The anubias petite can be a foreground (attach the ryzone to very small rock and put it on sand) or midground (attach it to a driftwood and it will give it a leaf effect). The Java Fern can be midleground to back, and you can attach it to driftwood (or to small rocks if you want it as forground, which might not be a bad idea for the amazon look)

Here are some pictures for extra ideas, just in case, some by Amano:
http://www.google.ca/search?hl=en&s...pw.r_qf.&fp=51d966ebfc08e0b3&biw=1920&bih=934

Another effect you can do with the sand, is have it in the front and in the middle, as if seperating two islands, and then build up on each island the plants you have, though i think that might be alot of work and maintenance, i never personnaly done that, but just throwing that in, just in case, as I know i have seen it in a few of Amano's aquascaping. Of course, if you have high flows, sand might be hard to control / maintain...
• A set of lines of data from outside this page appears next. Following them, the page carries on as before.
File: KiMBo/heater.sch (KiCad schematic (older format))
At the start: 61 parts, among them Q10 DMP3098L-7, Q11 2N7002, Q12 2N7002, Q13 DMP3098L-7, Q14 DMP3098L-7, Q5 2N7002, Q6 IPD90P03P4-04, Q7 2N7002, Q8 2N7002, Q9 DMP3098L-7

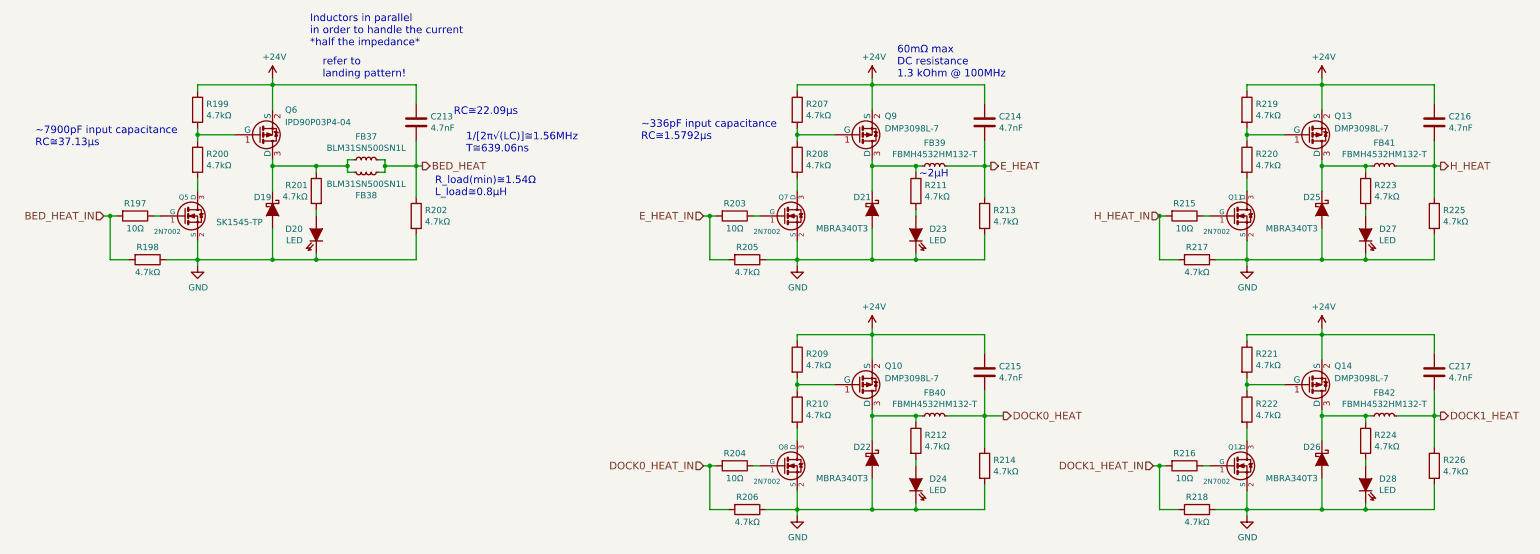
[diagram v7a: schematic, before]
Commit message: Remove HDMI from the schematic
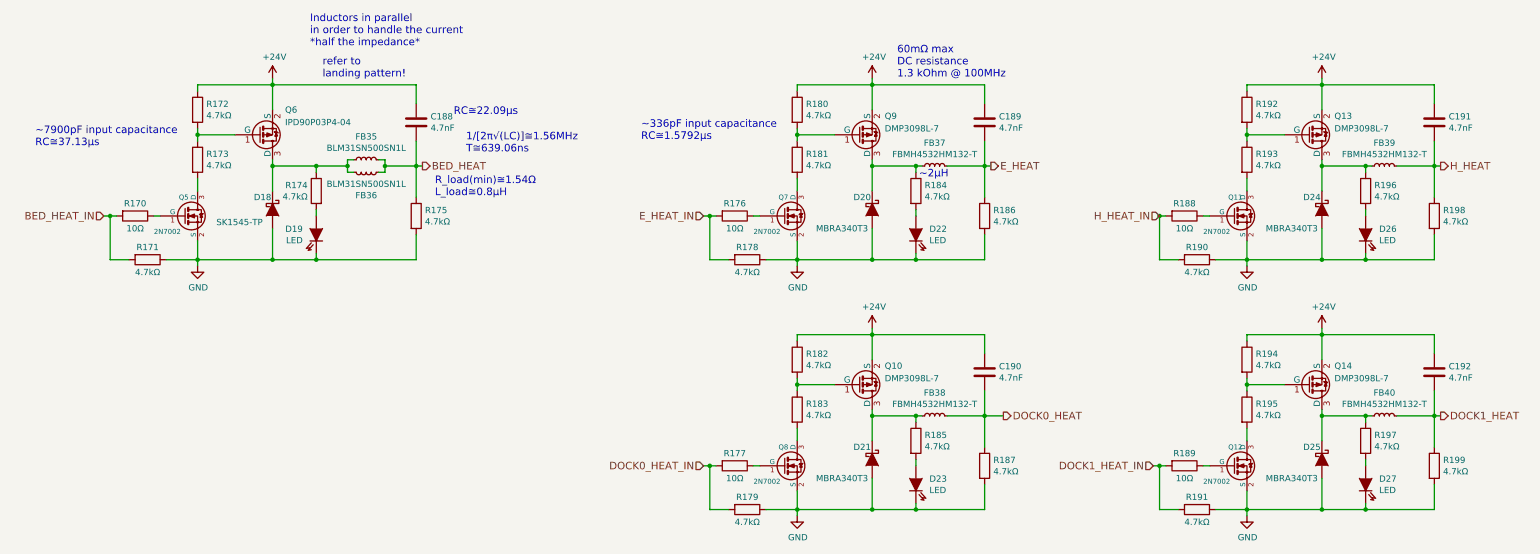
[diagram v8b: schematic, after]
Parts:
- renumbered C213 to C188, C214 to C189, C215 to C190, C216 to C191, C217 to C192, D19 to D18, D20 to D19, D21 to D20, D22 to D21, D23 to D22, D24 to D23, D25 to D24, D26 to D25, D27 to D26, D28 to D27, FB37 to FB35, FB38 to FB36, FB39 to FB37, FB40 to FB38, FB41 to FB39, FB42 to FB40, R197 to R170, R198 to R171, R199 to R172, R200 to R173, R201 to R174, R202 to R175, R203 to R176, R204 to R177, R205 to R178, R206 to R179, R207 to R180, R208 to R181, R209 to R182, R210 to R183, R211 to R184, R212 to R185, R213 to R186, R214 to R187, R215 to R188, R216 to R189, R217 to R190, R218 to R191, R219 to R192, R220 to R193, R221 to R194, R222 to R195, R223 to R196, R224 to R197, R225 to R198, R226 to R199

Anyways, looks like alot of fun. A few months ago, I completely redid my 10g and 75g tank, using new rocks, rescraping the way plants were place instead of randomly to cover space, and it was the most fun part of it all. It was harder cause i had all my fish / shrimps there already, but now i love my aquarium again .

By the way, another extremely nice snail you can add is the Apixi Snails, which look like nerites, but can reproduce and eat alga and excess food. Kackson has them, and has a posting in the sales section, and his price is extremely cheap / great (amazing looking snail).

If you are going to have high flow, some fish that like it are Otto Catfish and hillsteam loaches, but i dont know the compatibility with your other fish, and the otto can be hard at begining and you tank should be a couple of month old with some algua. Also, not sure if the loache will eat all your snails...

Keep us updated, i love it when someone shares their project, i always learn new things from it!!!


----------



## KING KONG (Oct 24, 2012)

characinfan said:


> Your project sounds amazing!
> 
> But if you are dedicated to a South American biotope idea, FYI, all the following are from Asia or Africa, not the Amazon:
> 
> ...


hehehe i know about the plants but that what i have in excess of right now so i just went with it.

the angels and discus are fine in a high flow rate in fact they seem to prefer it. i have all the fish in a 35g corner tank with a marineland 360 which is rated for 100 gallons, whisper ex70, koralia 750.
total flow rate is just under 1800 gph LOL 

that that has been like that more months now and they have thried to breed in that tank but everybody else eats the eggs 

I use to have my 18" silver arowana with these adult angels and they're fine, so i figured that since i have a bunch of juvies i would also put a juvi arowana in it also lol hes been in a 10g tank for about 6-7 months now im trying really hard not to feed him so he stops growing so fast.

the last one silver aro that i had with a spotted asian gar, between the 2 of them they were consuming 100 med size comets and 50-80 minnows a week= $90-$100 a month just for feeder fish


----------



## Ryan.Wilton (Dec 12, 2012)

I think that the Silver Arowana is overkill, as well he might indeed KILL your stock lol. I know my old Silver would eat anything small enough to fit in its mouth, this included several largeish (2.5") convict cichlids. So if you want the Silver, you'll need to think of the future with it (and the larger tank it'll require) and skip the angels. Or vise-versa, skip the silver and your 75 will be good in the long run


----------



## KING KONG (Oct 24, 2012)

Ryan.Wilton said:


> I think that the Silver Arowana is overkill, as well he might indeed KILL your stock lol. I know my old Silver would eat anything small enough to fit in its mouth, this included several largeish (2.5") convict cichlids. So if you want the Silver, you'll need to think of the future with it (and the larger tank it'll require) and skip the angels. Or vise-versa, skip the silver and your 75 will be good in the long run


no long term in the future for this tank lol i will usually redo a tank in under a year lol i simply get bored with them. then i have to change things up.


----------



## Ryan.Wilton (Dec 12, 2012)

Lol, I have the same issue. But a year is so long to look at the same tank, mine usually last 3-6months before I go ahead and rescape it. Often I don't add new fish as my stock is doing very well and my income for new fish is limited. Although I do plan on wasting some money on a warty frogfish lol


----------